Big or small, the GDPR is behind it all
In an event held in late Autumn 2018 in our premises, Christophe Buschmann, one of Luxembourg’s CNPD commissioners, stated that the Commission will primarily support businesses in their GDPR journey, rather than taking a strict approach and search for any breach since the beginning.
“The CNPD isn’t the bad kid on the block,” reflects Fred. “But, at some point, Luxembourg’s GDPR guardian won’t have any other option but to start sanctioning. And this doesn’t go only to the large enterprises or big technology players though.”
In January 2019, the French CNIL (Commission nationale de l’informatique et des libertés) imposed a financial penalty of 50 Million euros against Google LLC, for “lack of transparency, inadequate information and lack of valid consent regarding the ads personalisation.”
In September 2018, only 4 months after the enforcement of the GDPR (May 25 2018), the Austrian Data Protection Authority (DPA) made its first GDPR-related penal decision against a sports betting café. The administrative fine imposed was € 5,280,00. The small business used a video surveillance system that covered public streets and parking lots in front of the business entrance.
The non-extremist approach to comply with the GDPR
“Taking an extremist approach to GDPR compliance isn’t ideal” states Fred. To him, that approach equals to a limited understanding of the spirit of the law. “It isn’t about taking the regulation word-by-word. Imagine if you have valuable information in a server that, for whatever reason, you cannot transfer anywhere else but you need to keep. You will not throw the server through the window!

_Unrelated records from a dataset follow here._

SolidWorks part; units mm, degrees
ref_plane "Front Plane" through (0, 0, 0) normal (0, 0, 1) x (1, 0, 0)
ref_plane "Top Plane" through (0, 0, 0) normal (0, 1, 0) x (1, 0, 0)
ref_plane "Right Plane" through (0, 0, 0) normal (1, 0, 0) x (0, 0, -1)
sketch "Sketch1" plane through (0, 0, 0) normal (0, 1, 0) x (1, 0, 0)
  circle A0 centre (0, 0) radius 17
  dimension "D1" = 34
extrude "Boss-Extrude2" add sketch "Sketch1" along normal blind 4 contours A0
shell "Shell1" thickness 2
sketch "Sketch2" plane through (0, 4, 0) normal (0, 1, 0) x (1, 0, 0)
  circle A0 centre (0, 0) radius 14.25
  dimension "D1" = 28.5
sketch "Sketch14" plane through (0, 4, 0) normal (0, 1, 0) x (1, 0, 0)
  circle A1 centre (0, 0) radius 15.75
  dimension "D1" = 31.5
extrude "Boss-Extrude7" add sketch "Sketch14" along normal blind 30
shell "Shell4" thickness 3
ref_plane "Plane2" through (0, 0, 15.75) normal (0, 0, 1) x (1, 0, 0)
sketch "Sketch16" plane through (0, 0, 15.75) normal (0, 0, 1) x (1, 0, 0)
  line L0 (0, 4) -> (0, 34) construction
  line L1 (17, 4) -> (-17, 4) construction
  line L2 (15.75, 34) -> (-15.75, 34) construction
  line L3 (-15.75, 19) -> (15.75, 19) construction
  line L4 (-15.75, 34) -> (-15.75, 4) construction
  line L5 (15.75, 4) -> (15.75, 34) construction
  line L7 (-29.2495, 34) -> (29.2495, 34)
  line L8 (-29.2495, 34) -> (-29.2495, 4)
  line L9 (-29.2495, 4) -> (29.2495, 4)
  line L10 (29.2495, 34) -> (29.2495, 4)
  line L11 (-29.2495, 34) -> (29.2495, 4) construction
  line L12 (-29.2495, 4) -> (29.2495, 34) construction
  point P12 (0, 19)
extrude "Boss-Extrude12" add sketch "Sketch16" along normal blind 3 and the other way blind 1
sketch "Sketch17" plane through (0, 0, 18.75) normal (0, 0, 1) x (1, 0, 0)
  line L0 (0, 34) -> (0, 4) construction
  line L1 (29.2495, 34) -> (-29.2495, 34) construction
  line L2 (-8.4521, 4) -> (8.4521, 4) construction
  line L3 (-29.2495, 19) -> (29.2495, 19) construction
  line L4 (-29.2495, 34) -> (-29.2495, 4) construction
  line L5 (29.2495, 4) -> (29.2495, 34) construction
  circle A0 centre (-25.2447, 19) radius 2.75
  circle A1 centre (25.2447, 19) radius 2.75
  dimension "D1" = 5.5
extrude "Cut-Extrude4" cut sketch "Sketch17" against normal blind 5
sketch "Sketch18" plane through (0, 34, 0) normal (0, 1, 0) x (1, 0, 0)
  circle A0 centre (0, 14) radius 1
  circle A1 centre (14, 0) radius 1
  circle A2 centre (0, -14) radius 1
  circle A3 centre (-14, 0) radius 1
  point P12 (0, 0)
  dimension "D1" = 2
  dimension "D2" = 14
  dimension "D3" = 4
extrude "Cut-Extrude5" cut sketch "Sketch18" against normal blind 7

In that case, I recommend designing a strong risk management plan, including clear actions of what to do if there is a data breach. For the future, however, new data keeping and data handling procedures have to be considered.”
To him, that’s actually taking a pragmatic approach to GDPR compliance. It’s considering the potential risks for the people concerned (users) and act accordingly.
What we think
Frédéric Vonner, Partner, GDPR and Privacy Leader at PwC Luxembourg
Because financial services are more regulated, readiness to comply with the GDPR is, well, forgiving the redundancy, more ready. However, by all means, the game isn’t over. Indeed, the GDPR compliance journey has just started and we’re learning with it. We, all businesses, are rethinking our approach to data management, to privacy and to digital trust. I invite you to consider the GDPR as an opportunity.